God authors our lives. We are his characters and the story in which we find ourselves has divine meaning. Every event drives the plot forward toward its telos: resolution. Six miscarriages are not the resolution. They are the in-between. They are the mines of Moria and Gandalf gone, fallen from the bridge of Khazad-dum while the fellowship weeps and weeps. They are Christ’s disciples huddled together in a darkened room, for they are scared and bewildered with all their hopes swallowed up by a tomb. They are Isaiah crying out, “’Look away from me, I will weep bitterly; do not labor to comfort me because of the plundering of the daughter of my people.’ For it is a day of trouble and treading down and perplexity by the Lord God of hosts In the Valley of Vision—Breaking down the walls and of crying to the mountain” (The book of Isaiah, chapter 22).
The Christian world is colored by God’s story. In other words, it is colored by the murder of a brother, the rape of a sister, the betrayal of a friend, the pounding of nails into flesh and bone, and the darkening of the sky. It is a world of what-ifs, and could-have-beens, peopled by has-beens and might-have-beens. It is a world soaked in fear and drenched by the blood of a million martyrs without even beginning to recount the nearly two thousand years of church history since the destruction of Jerusalem. It is a dark history with pain oozing into all its hidden corners.

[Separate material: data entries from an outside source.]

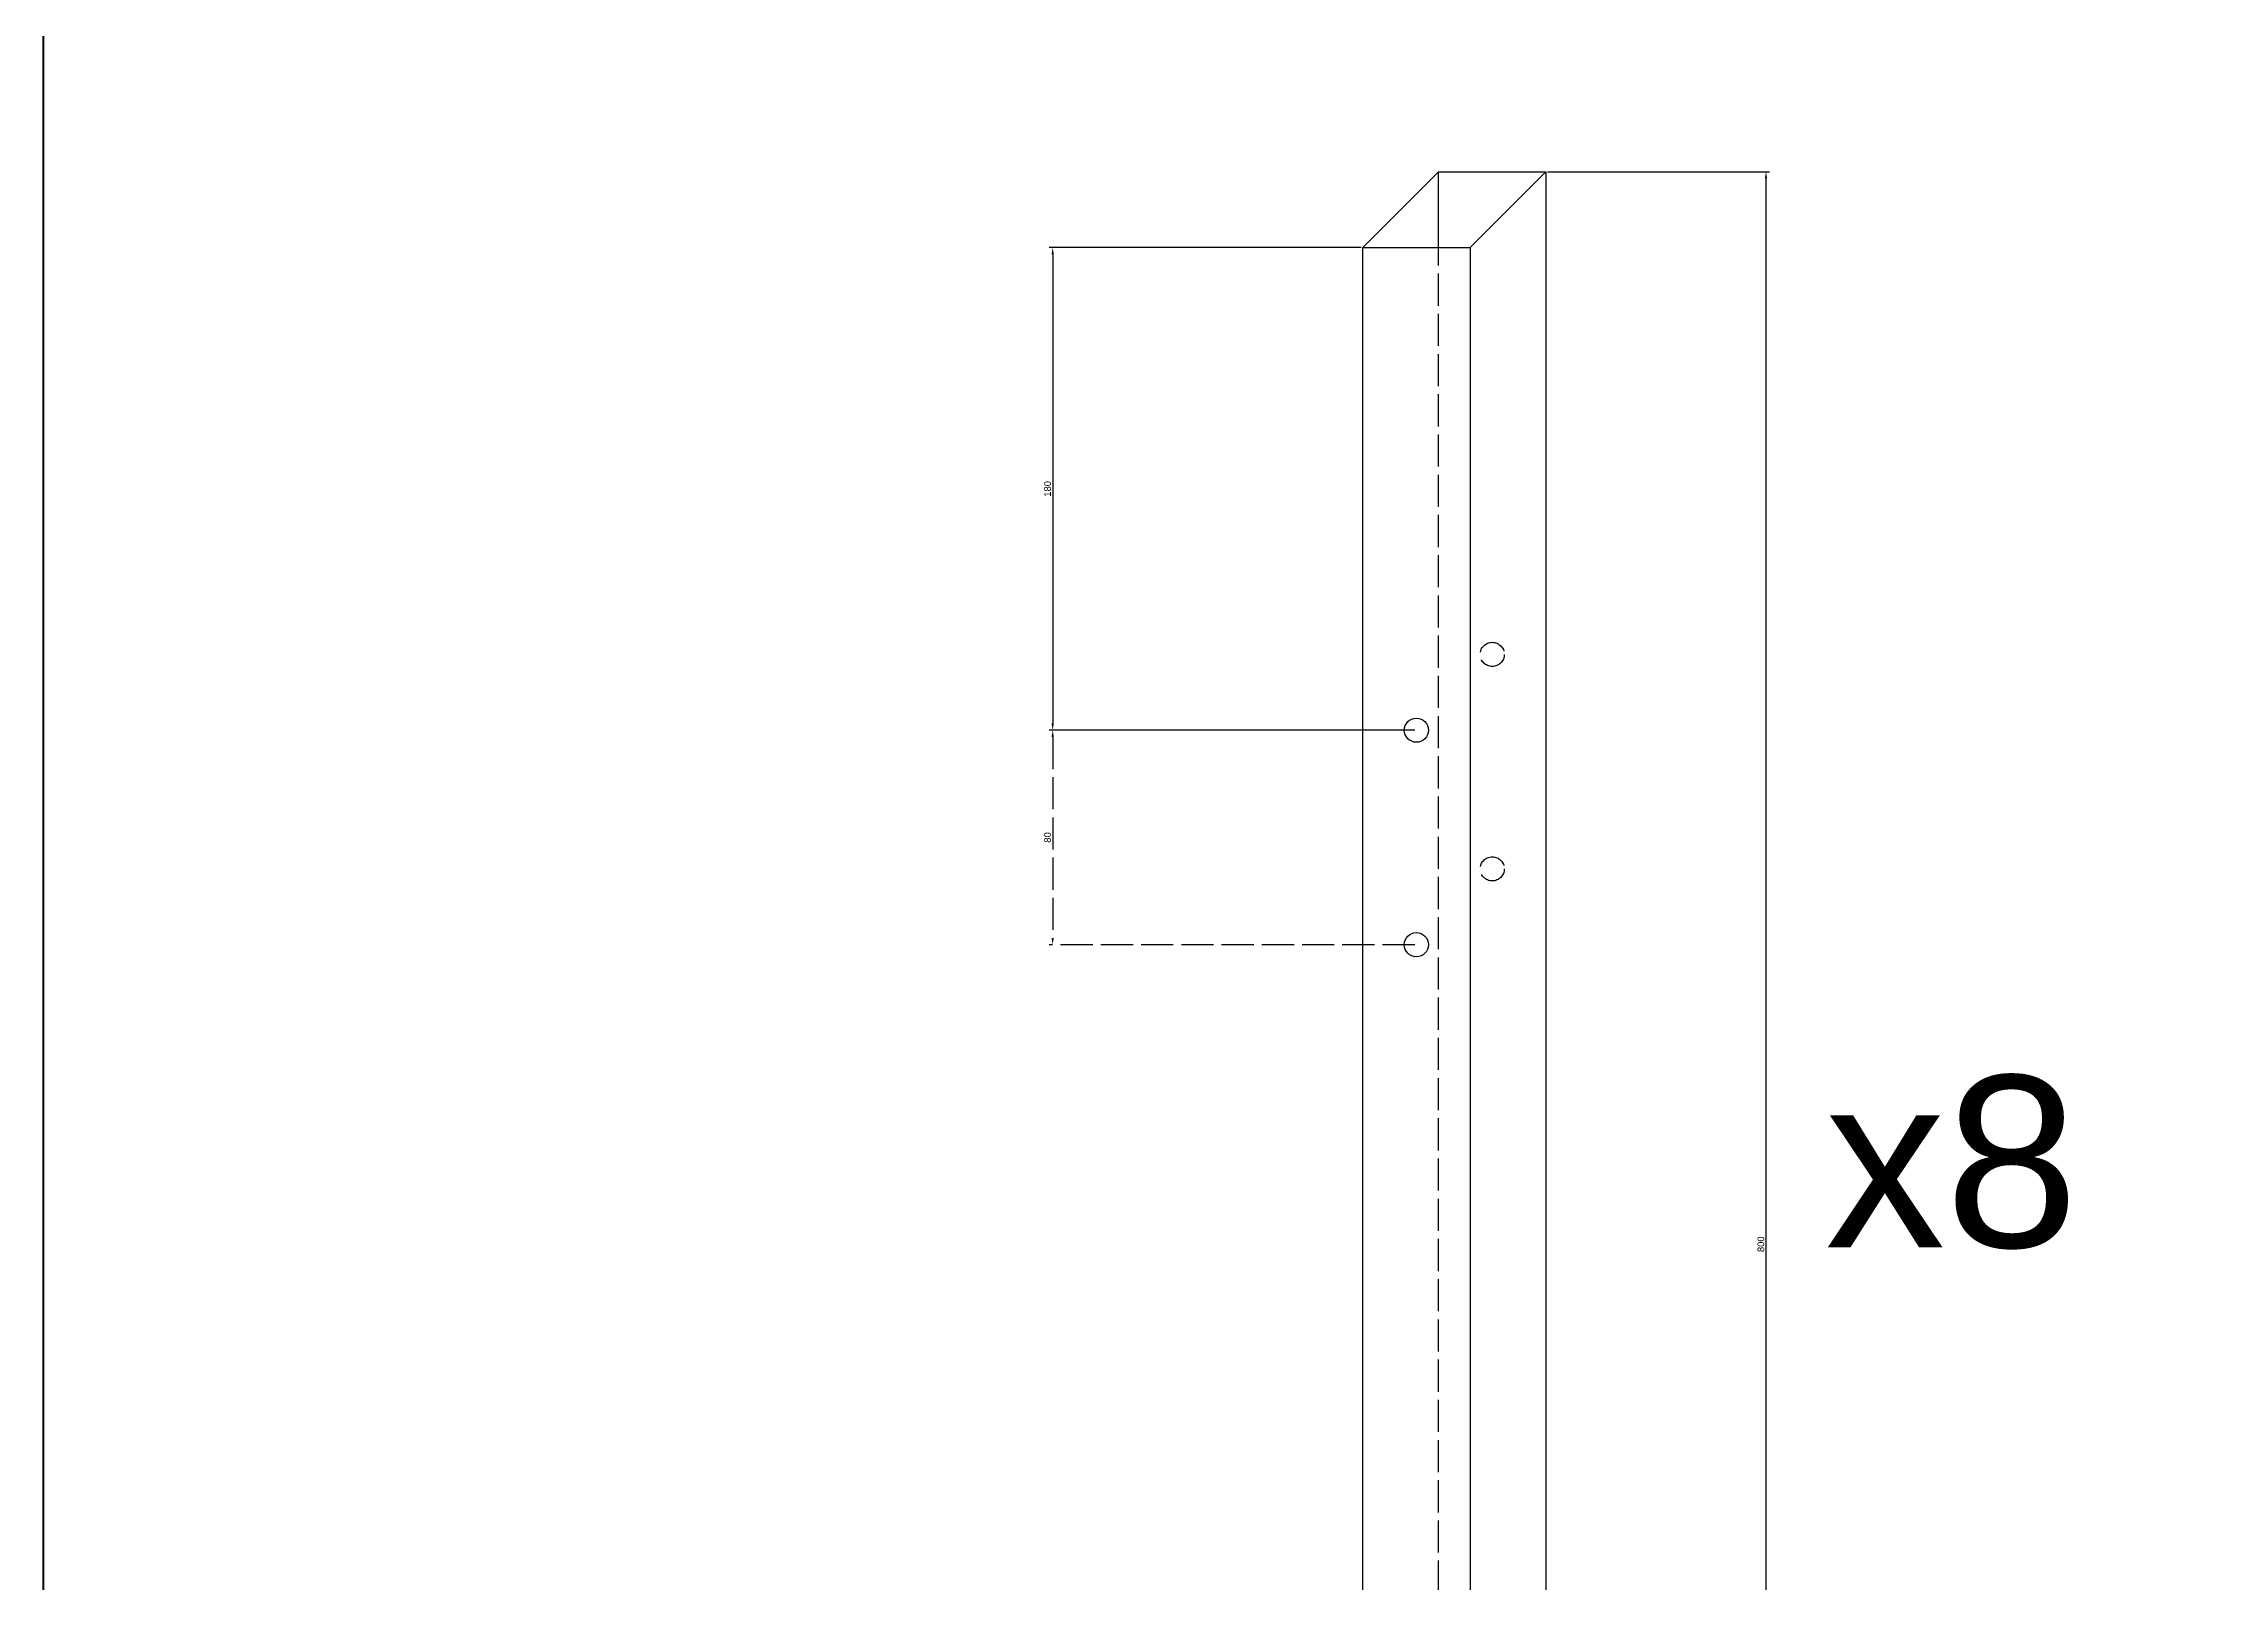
# Model space of a CAD drawing. Header units: millimetres. Extents: x 759 to 5289, y 654 to 5824.
# Drawn here: x 759 to 1572, y 4535 to 5109 of the extents above; entities that cross this region are included whole.
import ezdxf

# ---------------------------------------------------------------- set-up
doc = ezdxf.new("R2010")
doc.units = ezdxf.units.MM
doc.linetypes.add('ACAD_ISO02W100', pattern=[15, 12, -3])
doc.styles.get("Standard").update_dxf_attribs({"font": 'arial.ttf'})
doc.dimstyles.new('ISO-25', dxfattribs={"dimtxt": 2.5, "dimasz": 2.5, "dimexe": 1.25, "dimexo": 0.625, "dimtad": 1, "dimtxsty": 'Standard', "dimcen": 2.5, "dimadec": 0, "dimazin": 0, "dimtfac": 1, "dimtmove": 0, "dimatfit": 3, "dimfxl": 1, "dimarcsym": 0})

# ---------------------------------------------------------------- blocks, each defined once
blk = doc.blocks.new('*D28')
at = {"color": 0, "lineweight": -2, "transparency": 16777216}
for p, q in [((1249.69, 5033.04), (1133.47, 5033.04)), ((1134.72, 5030.54), (1134.72, 4855.54)), ((1269.69, 4853.04), (1133.47, 4853.04))]:
    blk.add_line(p, q, dxfattribs=at)
at = {"color": 0, "transparency": 16777216}
for points in [[(1134.31, 5030.54), (1135.14, 5030.54), (1134.72, 5033.04)], [(1134.31, 4855.54), (1135.14, 4855.54), (1134.72, 4853.04)]]:
    blk.add_solid(points, dxfattribs=at)
at = {"layer": 'Defpoints', "color": 0, "transparency": 16777216}
for p in [(1250.31, 5033.04), (1134.72, 4853.04), (1270.31, 4853.04)]:
    blk.add_point(p, dxfattribs=at)
at = {"color": 0, "lineweight": 100, "transparency": 16777216, "insert": (1132.82, 4943.04), "char_height": 2.5, "attachment_point": 5, "rotation": 90}
blk.add_mtext('180', dxfattribs=at)
blk = doc.blocks.new('*D29')
at = {"color": 0, "linetype": 'ACAD_ISO02W100', "lineweight": -2, "transparency": 16777216}
for p, q in [((1269.69, 4853.04), (1133.47, 4853.04)), ((1134.72, 4850.54), (1134.72, 4775.54)), ((1269.69, 4773.04), (1133.47, 4773.04))]:
    blk.add_line(p, q, dxfattribs=at)
at = {"color": 0, "linetype": 'ACAD_ISO02W100', "transparency": 16777216}
for points in [[(1134.31, 4850.54), (1135.14, 4850.54), (1134.72, 4853.04)], [(1134.31, 4775.54), (1135.14, 4775.54), (1134.72, 4773.04)]]:
    blk.add_solid(points, dxfattribs=at)
at = {"layer": 'Defpoints', "color": 0, "linetype": 'ACAD_ISO02W100', "transparency": 16777216}
for p in [(1270.31, 4853.04), (1134.72, 4773.04), (1270.31, 4773.04)]:
    blk.add_point(p, dxfattribs=at)
at = {"color": 0, "linetype": 'ACAD_ISO02W100', "lineweight": 100, "transparency": 16777216, "insert": (1132.82, 4813.04), "char_height": 2.5, "attachment_point": 5, "rotation": 90}
blk.add_mtext('80', dxfattribs=at)
blk = doc.blocks.new('*D32')
at = {"color": 0, "lineweight": -2, "transparency": 16777216}
for p, q in [((1319.22, 5061.33), (1401.9, 5061.33)), ((1400.65, 5058.83), (1400.65, 4263.83)), ((1319.22, 4261.33), (1401.9, 4261.33))]:
    blk.add_line(p, q, dxfattribs=at)
at = {"color": 0, "transparency": 16777216}
for points in [[(1400.24, 5058.83), (1401.07, 5058.83), (1400.65, 5061.33)], [(1400.24, 4263.83), (1401.07, 4263.83), (1400.65, 4261.33)]]:
    blk.add_solid(points, dxfattribs=at)
at = {"layer": 'Defpoints', "color": 0, "transparency": 16777216}
for p in [(1318.59, 5061.33), (1318.59, 4261.33), (1400.65, 4261.33)]:
    blk.add_point(p, dxfattribs=at)
at = {"color": 0, "lineweight": 100, "transparency": 16777216, "insert": (1398.75, 4661.33), "char_height": 2.5, "attachment_point": 5, "rotation": 90}
blk.add_mtext('800', dxfattribs=at)

msp = doc.modelspace()

# ---------------------------------------------------------------- linework, layer by layer
for p, q in [((1278.595, 5061.326), (1250.311, 5033.042)), ((1278.595, 5061.326), (1318.595, 5061.326)), ((1278.595, 5033.042), (1278.595, 5061.326)), ((1290.311, 5033.042), (1318.595, 5061.326)), ((1318.595, 5061.326), (1318.595, 4261.326)), ((1250.311, 5033.042), (1290.311, 5033.042)), ((1250.311, 4233.042), (1250.311, 5033.042)), ((1290.311, 5033.042), (1290.311, 4233.042))]:
    msp.add_line(p, q)
at = {"linetype": 'ACAD_ISO02W100'}
msp.add_line((1278.595, 4261.326), (1278.595, 5033.042), dxfattribs=at)
at = {"lineweight": 100}
msp.add_lwpolyline([(758.531, 5577.799), (2384.552, 5577.799), (2384.552, 3961.338), (758.531, 3961.338)], close=True, dxfattribs=at)
at = {"linetype": 'ACAD_ISO02W100'}
for centre in [(1298.595, 4881.326), (1298.595, 4801.326)]:
    msp.add_circle(centre, 4.5, dxfattribs=at)
for centre in [(1270.311, 4853.042), (1270.311, 4773.042)]:
    msp.add_circle(centre, 4.5)

# ---------------------------------------------------------------- texts
msp.add_text('x8', height=64).set_placement((1422.71, 4660.215))

# ---------------------------------------------------------------- dimensions: what is measured, and where the dimension line sits
at = {"lineweight": 100}
for base, p1, p2, picture, middle in [((1400.655, 4261.326), (1318.595, 5061.326), (1318.595, 4261.326), '*D32', (1398.753, 4661.326)), ((1134.723, 4853.042), (1250.311, 5033.042), (1270.311, 4853.042), '*D28', (1132.821, 4943.042))]:
    dim = msp.add_linear_dim(base=base, p1=p1, p2=p2, angle=90, dimstyle='ISO-25', dxfattribs=at)
    dim.commit()
    dim.dimension.update_dxf_attribs({"geometry": picture, "text_midpoint": middle})
at = {"linetype": 'ACAD_ISO02W100', "lineweight": 100}
dim = msp.add_linear_dim(base=(1134.723, 4773.042), p1=(1270.311, 4853.042), p2=(1270.311, 4773.042), angle=90, dimstyle='ISO-25', dxfattribs=at)
dim.commit()
dim.dimension.update_dxf_attribs({"geometry": '*D29', "text_midpoint": (1132.821, 4813.042)})

doc.saveas('drawing.dxf')

At the center of Christianity is a death. Christianity is perhaps the most morbid religion of the world: perpetually meditating upon death with little crosses around their necks, Christian disciples sing their way to martyrdom. Anticipating death and calling it gain, Christians are evangelists of the grotesque. Such meditations are a beautiful thing to those with a strong imagination, however, because they know that a resurrection can only happen if there is a death. As Walter Wangerin Jr. wrote, “I know no resurrection except that first there’s been a death. And as a writer, I cannot speak genuinely or deeply of resurrection except I speak the same of death and the sin that engendered death. That I can speak accurately of death without despairing is hardly melancholic. It is liberty—and victory.”
If there is only death, then there is no hope. If resurrection follows death, then hope springs eternal. The hope of the Gospel rests directly upon our ability to imagine and, therefore, believe the possibility of resurrection. The world was once like a wall, white and clean, until sin glued black wallpaper across its surface. The glue has set, to be sure, but it has not changed the reality of a white wall behind. Truth-telling stories, therefore, have moments in which the author scratches a portion of the black paper off and provides a “fleeting glimpse of Joy, Joy beyond the walls of the world, poignant as grief” (J.R.R. Tolkien, emphasis mine).
by Ben Palpant
Imagine this:
A hawk at evening.
I was eight years old and playing in the sandbox under a growing African dusk. Dad called me to him. He crouched down and watched the trees. I burrowed beneath his chin and crouch too. In front of us was a hen. Her chicks were scattered and aimlessly pecked at the ground. One ruffled his feathers and shivered for the sheer delight of it. Mother kept pecking the ground for insects or seeds. They were chickens. That is what chickens do.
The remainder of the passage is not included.